Seismic depth migration algorithms calculate images of the Earth's subsurface from the measured and pre-processed seismic reflection data. These images deliver important pieces of information to the geoscientist for discovering oil and gas reservoirs. The method of reverse time migration (RTM) stands out by high imaging quality even in case of high geological complexity. Solving the wave equation (rather than high-frequency approximations to this equation) realistically simulates the propgation of waves through the subsurface and allows the exact imaging of structures with strongly contrasting seismic velocities as they occur, e.g, for salt bodies.

We recommend to apply RTM in addition to GRT for combining high structural imageing quality with true amplitudes imaged at target horizons.

RTM Single Shot Scalability
© ITWM
RTM Single Shot Scalability
Asynchronous Constraint Execution
© ITWM
RTM is integrated in our ACE (Asynchronous Constraint Execution) Framework.

By using proprietary HPC tools we obtain a massively parallel and robust implementation of RTM that combines the necessary degree of accuracy with ultimate efficiency.
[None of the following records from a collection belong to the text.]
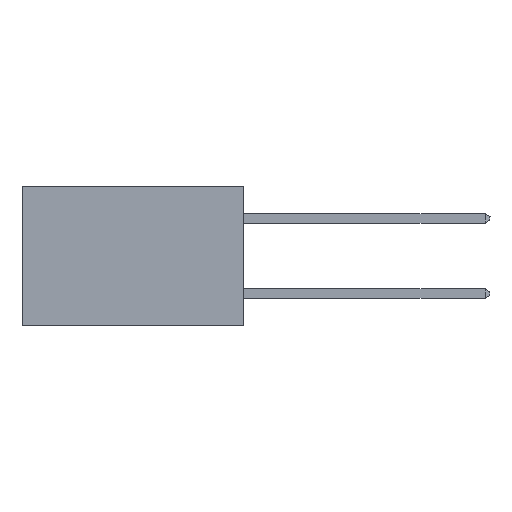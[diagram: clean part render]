
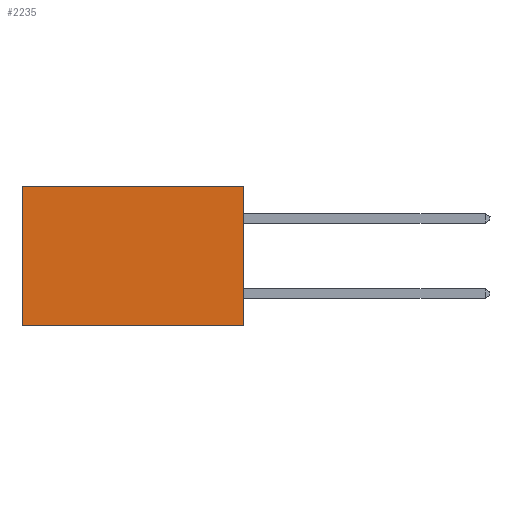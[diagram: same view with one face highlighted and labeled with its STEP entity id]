
A CAD part, left-side view. The second image highlights one B-rep face of the part: STEP entity #2235.
In plain terms, the highlighted planar face has unit normal (-1, 0, 0).
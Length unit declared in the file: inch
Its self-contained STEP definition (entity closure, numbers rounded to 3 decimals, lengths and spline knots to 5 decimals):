
#967 = DIRECTION ( 'NONE',  ( 0., 1., 0. ) ) ;
#1215 = ORIENTED_EDGE ( 'NONE', *, *, #5268, .F. ) ;
#1357 = VERTEX_POINT ( 'NONE', #4153 ) ;
#1534 = CARTESIAN_POINT ( 'NONE',  ( 0.277, 0., 0. ) ) ;
#1561 = DIRECTION ( 'NONE',  ( 0., 1., 0. ) ) ;
#1588 = EDGE_CURVE ( 'NONE', #2157, #1357, #7992, .T. ) ;
#1722 = FACE_OUTER_BOUND ( 'NONE', #6658, .T. ) ;
#1785 = VECTOR ( 'NONE', #967, 39.37008 ) ;
#2157 = VERTEX_POINT ( 'NONE', #7164 ) ;
#2235 = ADVANCED_FACE ( 'NONE', ( #1722 ), #7075, .F. ) ;
#2534 = CARTESIAN_POINT ( 'NONE',  ( 0.277, 0., -0.37 ) ) ;
#2834 = VECTOR ( 'NONE', #1561, 39.37008 ) ;
#2854 = ORIENTED_EDGE ( 'NONE', *, *, #1588, .T. ) ;
#3025 = CARTESIAN_POINT ( 'NONE',  ( 0.277, 0.59, -0.37 ) ) ;
#3099 = ORIENTED_EDGE ( 'NONE', *, *, #5070, .T. ) ;
#3197 = VECTOR ( 'NONE', #6353, 39.37008 ) ;
#3343 = EDGE_CURVE ( 'NONE', #4521, #1357, #5411, .T. ) ;
#3629 = VERTEX_POINT ( 'NONE', #7627 ) ;
#3877 = CARTESIAN_POINT ( 'NONE',  ( 0.277, 0., -0.37 ) ) ;
#4153 = CARTESIAN_POINT ( 'NONE',  ( 0.277, 0.59, -0.37 ) ) ;
#4521 = VERTEX_POINT ( 'NONE', #3877 ) ;
#4606 = ORIENTED_EDGE ( 'NONE', *, *, #3343, .F. ) ;
#5070 = EDGE_CURVE ( 'NONE', #3629, #2157, #8023, .T. ) ;
#5110 = DIRECTION ( 'NONE',  ( 0., 0., -1. ) ) ;
#5268 = EDGE_CURVE ( 'NONE', #3629, #4521, #8295, .T. ) ;
#5411 = LINE ( 'NONE', #2534, #1785 ) ;
#6034 = DIRECTION ( 'NONE',  ( 0., 0., -1. ) ) ;
#6129 = AXIS2_PLACEMENT_3D ( 'NONE', #7727, #6281, #6034 ) ;
#6261 = VECTOR ( 'NONE', #5110, 39.37008 ) ;
#6281 = DIRECTION ( 'NONE',  ( 1., 0., 0. ) ) ;
#6353 = DIRECTION ( 'NONE',  ( 0., 0., -1. ) ) ;
#6364 = CARTESIAN_POINT ( 'NONE',  ( 0.277, 0., -0.37 ) ) ;
#6658 = EDGE_LOOP ( 'NONE', ( #2854, #4606, #1215, #3099 ) ) ;
#7075 = PLANE ( 'NONE',  #6129 ) ;
#7164 = CARTESIAN_POINT ( 'NONE',  ( 0.277, 0.59, 0. ) ) ;
#7627 = CARTESIAN_POINT ( 'NONE',  ( 0.277, 0., 0. ) ) ;
#7727 = CARTESIAN_POINT ( 'NONE',  ( 0.277, 0., -0.37 ) ) ;
#7992 = LINE ( 'NONE', #3025, #6261 ) ;
#8023 = LINE ( 'NONE', #1534, #2834 ) ;
#8295 = LINE ( 'NONE', #6364, #3197 ) ;

Our particulary designed random perturbation boundary conditions make the software free of any I/O of intermediate results that would typically be of multi-TeraByte scale for each of the 10000s of shots. This I/O is quite often a major reason why other implementations fail in computing large scale problems. We use fully optimized finite difference stencils of various order for solving the wave equation for isotropic, VTI, and TTI velocity models. Our RTM is integrated into ACE (Asynchronous Constraint Execution) framework.
 

High parallel efficiency due to ACE:

Due to fine-granular decomposition of the migration output volume and the dynamic assignment of partial jobs of the total migration job to the cores of the compute cluster we achieve an extremely high parallel efficiency and, thus, nearly perfect scalibilty of the migration even for such extreme cases as running a single shot migration on many thousands of computes cores. The allocation of compute resources
to the complete migration job can be done dynamically, i.e. compute nodes can be added or removed during runtime of the migration - this flexibility is highly desirable in production environments.

Adaptive stacking of single shot migration results optimizes the signal/noise ratio. We offer RTM in 3D, but also have an optimized 2D version. Our RTM can also run in forward modelling mode. For this application, the random pertubation boundary condition is replaced by absorbing boundary condition and the user can specify source-receiver layout with a high degree of flexibility.